*Activity*
Can you transcribe the data exactly? Leave the pictures out.

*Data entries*
______
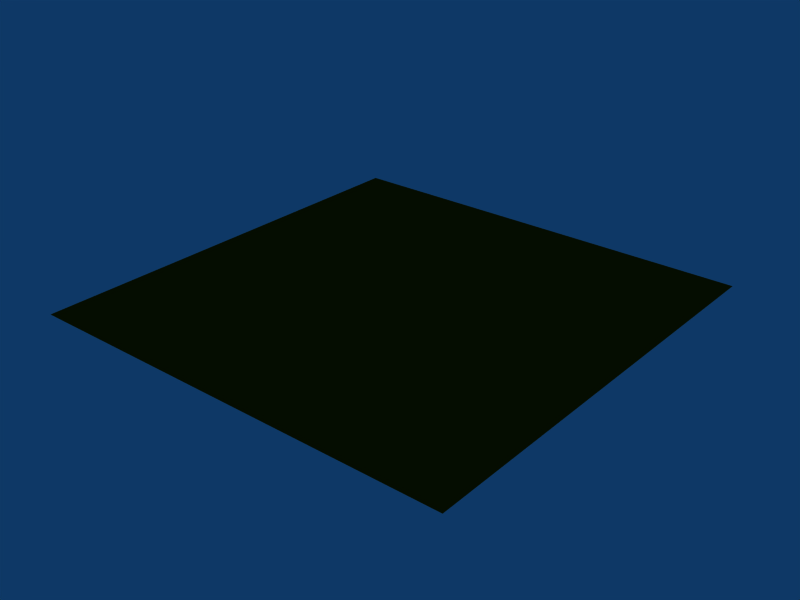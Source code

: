 # Source: old_varnished_wood.blend  (saved by Blender 2.47.1; exported with 4.5.12 LTS)
import bpy
from mathutils import Matrix  # noqa: F401  (used for matrix-valued properties, if any)

bpy.ops.wm.read_factory_settings(use_empty=True)
scene = bpy.context.scene
scene.name = 'Scene'

# ---- collections
col_collection_1 = bpy.data.collections.new('Collection 1'); scene.collection.children.link(col_collection_1)

# ---- materials (node trees are filled in below, after node groups)
mat_polished_wood = bpy.data.materials.new('Polished wood')
mat_polished_wood.alpha_threshold = 0.0
mat_polished_wood.preview_render_type = 'SHADERBALL'
mat_polished_wood.diffuse_color = (0.3695, 0.2226, 0.0128, 1.0)
mat_polished_wood.specular_color = (1.0, 0.6918, 0.1794)
mat_polished_wood.roughness = 0.5
mat_polished_wood.line_color = (0.0, 0.0, 0.0, 1.0)

# ---- material node trees

# ---- world
world_world = bpy.data.worlds.new('World'); scene.world = world_world
world_world.color = (0.05656, 0.2208, 0.4)
world_world.use_sun_shadow = False
world_world.sun_shadow_jitter_overblur = 0.0
world_world.cycles.sampling_method = 'MANUAL'
world_world.cycles.sample_map_resolution = 256

# ---- meshes
me_plane = bpy.data.meshes.new('Plane')
me_plane.from_pydata([(1.0, 1.0, 0.0), (1.0, -1.0, 0.0), (-1.0, -1.0, 0.0), (-1.0, 1.0, 0.0)], [], [(0, 3, 2, 1)])
me_plane.materials.append(mat_polished_wood)
me_plane.use_remesh_preserve_volume = False
me_plane.use_remesh_preserve_attributes = False
me_plane.use_mirror_vertex_groups = False
me_plane.update()

# ---- objects
ob_plane = bpy.data.objects.new('Plane', me_plane)

# ---- transforms, parenting, visibility, modifiers, constraints
ob_plane.location = (0.0, 0.0, 0.0)
ob_plane.lock_rotations_4d = False
ob_plane.empty_display_type = 'ARROWS'
ob_plane.color = (0.0, 0.0, 0.0, 1.0)
ob_plane.lineart.crease_threshold = 0.0

# ---- collection membership
col_collection_1.objects.link(ob_plane)

# ---- scene / render settings (as saved in the file)
scene.frame_start = 1; scene.frame_end = 250; scene.frame_set(1)
scene.render.engine = 'BLENDER_EEVEE_NEXT'
scene.render.image_settings.file_format = 'JPEG'
scene.render.image_settings.color_mode = 'RGB'
scene.render.image_settings.compression = 90
scene.render.resolution_x = 800
scene.render.resolution_y = 600
scene.render.pixel_aspect_x = 100.0
scene.render.pixel_aspect_y = 100.0
scene.render.fps = 25
scene.render.dither_intensity = 0.0
scene.render.use_compositing = False
scene.render.use_sequencer = False
scene.render.bake_margin = 2
scene.render.bake_bias = 0.0
scene.render.use_stamp_time = False
scene.render.use_stamp_date = False
scene.render.use_stamp_frame = False
scene.render.use_stamp_camera = False
scene.render.use_stamp_scene = False
scene.render.use_stamp_filename = False
scene.render.use_stamp_render_time = False
scene.render.stamp_font_size = 0
scene.cycles.use_denoising = False
scene.cycles.samples = 10
scene.cycles.sampling_pattern = 'TABULATED_SOBOL'
scene.cycles.light_sampling_threshold = 0.0
scene.cycles.use_adaptive_sampling = False
scene.cycles.use_light_tree = False
scene.cycles.blur_glossy = 0.0
scene.cycles.volume_bounces = 1
scene.cycles.pixel_filter_type = 'GAUSSIAN'
scene.cycles.sample_clamp_indirect = 0.0
scene.view_settings.view_transform = 'Raw'
bpy.context.view_layer.update()

# ---- added for rendering (the .blend has no active camera): camera
cam_auto = bpy.data.cameras.new('AutoCamera')
cam_auto.lens = 50.0
cam_auto.sensor_width = 36.0
cam_auto.clip_end = 1000.0
ob_auto_camera = bpy.data.objects.new('AutoCamera', cam_auto)
scene.collection.objects.link(ob_auto_camera)
ob_auto_camera.location = (2.61693, -3.14032, 2.09354)
ob_auto_camera.rotation_euler = (1.09748, -7.21219e-08, 0.694738)
scene.camera = ob_auto_camera
bpy.context.view_layer.update()
______
*Expected answer*
Source code

: # Source: old_varnished_wood.blend  (saved by Blender 2.47.1; exported with 4.5.12 LTS)
import bpy
from mathutils import Matrix  # noqa: F401  (used for matrix-valued properties, if any)

bpy.ops.wm.read_factory_settings(use_empty=True)
scene = bpy.context.scene
scene.name = 'Scene'

# ---- collections
col_collection_1 = bpy.data.collections.new('Collection 1'); scene.collection.children.link(col_collection_1)

# ---- materials (node trees are filled in below, after node groups)
mat_polished_wood = bpy.data.materials.new('Polished wood')
mat_polished_wood.alpha_threshold = 0.0
mat_polished_wood.preview_render_type = 'SHADERBALL'
mat_polished_wood.diffuse_color = (0.3695, 0.2226, 0.0128, 1.0)
mat_polished_wood.specular_color = (1.0, 0.6918, 0.1794)
mat_polished_wood.roughness = 0.5
mat_polished_wood.line_color = (0.0, 0.0, 0.0, 1.0)

# ---- material node trees

# ---- world
world_world = bpy.data.worlds.new('World'); scene.world = world_world
world_world.color = (0.05656, 0.2208, 0.4)
world_world.use_sun_shadow = False
world_world.sun_shadow_jitter_overblur = 0.0
world_world.cycles.sampling_method = 'MANUAL'
world_world.cycles.sample_map_resolution = 256

# ---- meshes
me_plane = bpy.data.meshes.new('Plane')
me_plane.from_pydata([(1.0, 1.0, 0.0), (1.0, -1.0, 0.0), (-1.0, -1.0, 0.0), (-1.0, 1.0, 0.0)], [], [(0, 3, 2, 1)])
me_plane.materials.append(mat_polished_wood)
me_plane.use_remesh_preserve_volume = False
me_plane.use_remesh_preserve_attributes = False
me_plane.use_mirror_vertex_groups = False
me_plane.update()

# ---- objects
ob_plane = bpy.data.objects.new('Plane', me_plane)

# ---- transforms, parenting, visibility, modifiers, constraints
ob_plane.location = (0.0, 0.0, 0.0)
ob_plane.lock_rotations_4d = False
ob_plane.empty_display_type = 'ARROWS'
ob_plane.color = (0.0, 0.0, 0.0, 1.0)
ob_plane.lineart.crease_threshold = 0.0

# ---- collection membership
col_collection_1.objects.link(ob_plane)

# ---- scene / render settings (as saved in the file)
scene.frame_start = 1; scene.frame_end = 250; scene.frame_set(1)
scene.render.engine = 'BLENDER_EEVEE_NEXT'
scene.render.image_settings.file_format = 'JPEG'
scene.render.image_settings.color_mode = 'RGB'
scene.render.image_settings.compression = 90
scene.render.resolution_x = 800
scene.render.resolution_y = 600
scene.render.pixel_aspect_x = 100.0
scene.render.pixel_aspect_y = 100.0
scene.render.fps = 25
scene.render.dither_intensity = 0.0
scene.render.use_compositing = False
scene.render.use_sequencer = False
scene.render.bake_margin = 2
scene.render.bake_bias = 0.0
scene.render.use_stamp_time = False
scene.render.use_stamp_date = False
scene.render.use_stamp_frame = False
scene.render.use_stamp_camera = False
scene.render.use_stamp_scene = False
scene.render.use_stamp_filename = False
scene.render.use_stamp_render_time = False
scene.render.stamp_font_size = 0
scene.cycles.use_denoising = False
scene.cycles.samples = 10
scene.cycles.sampling_pattern = 'TABULATED_SOBOL'
scene.cycles.light_sampling_threshold = 0.0
scene.cycles.use_adaptive_sampling = False
scene.cycles.use_light_tree = False
scene.cycles.blur_glossy = 0.0
scene.cycles.volume_bounces = 1
scene.cycles.pixel_filter_type = 'GAUSSIAN'
scene.cycles.sample_clamp_indirect = 0.0
scene.view_settings.view_transform = 'Raw'
bpy.context.view_layer.update()

# ---- added for rendering (the .blend has no active camera): camera
cam_auto = bpy.data.cameras.new('AutoCamera')
cam_auto.lens = 50.0
cam_auto.sensor_width = 36.0
cam_auto.clip_end = 1000.0
ob_auto_camera = bpy.data.objects.new('AutoCamera', cam_auto)
scene.collection.objects.link(ob_auto_camera)
ob_auto_camera.location = (2.61693, -3.14032, 2.09354)
ob_auto_camera.rotation_euler = (1.09748, -7.21219e-08, 0.694738)
scene.camera = ob_auto_camera
bpy.context.view_layer.update()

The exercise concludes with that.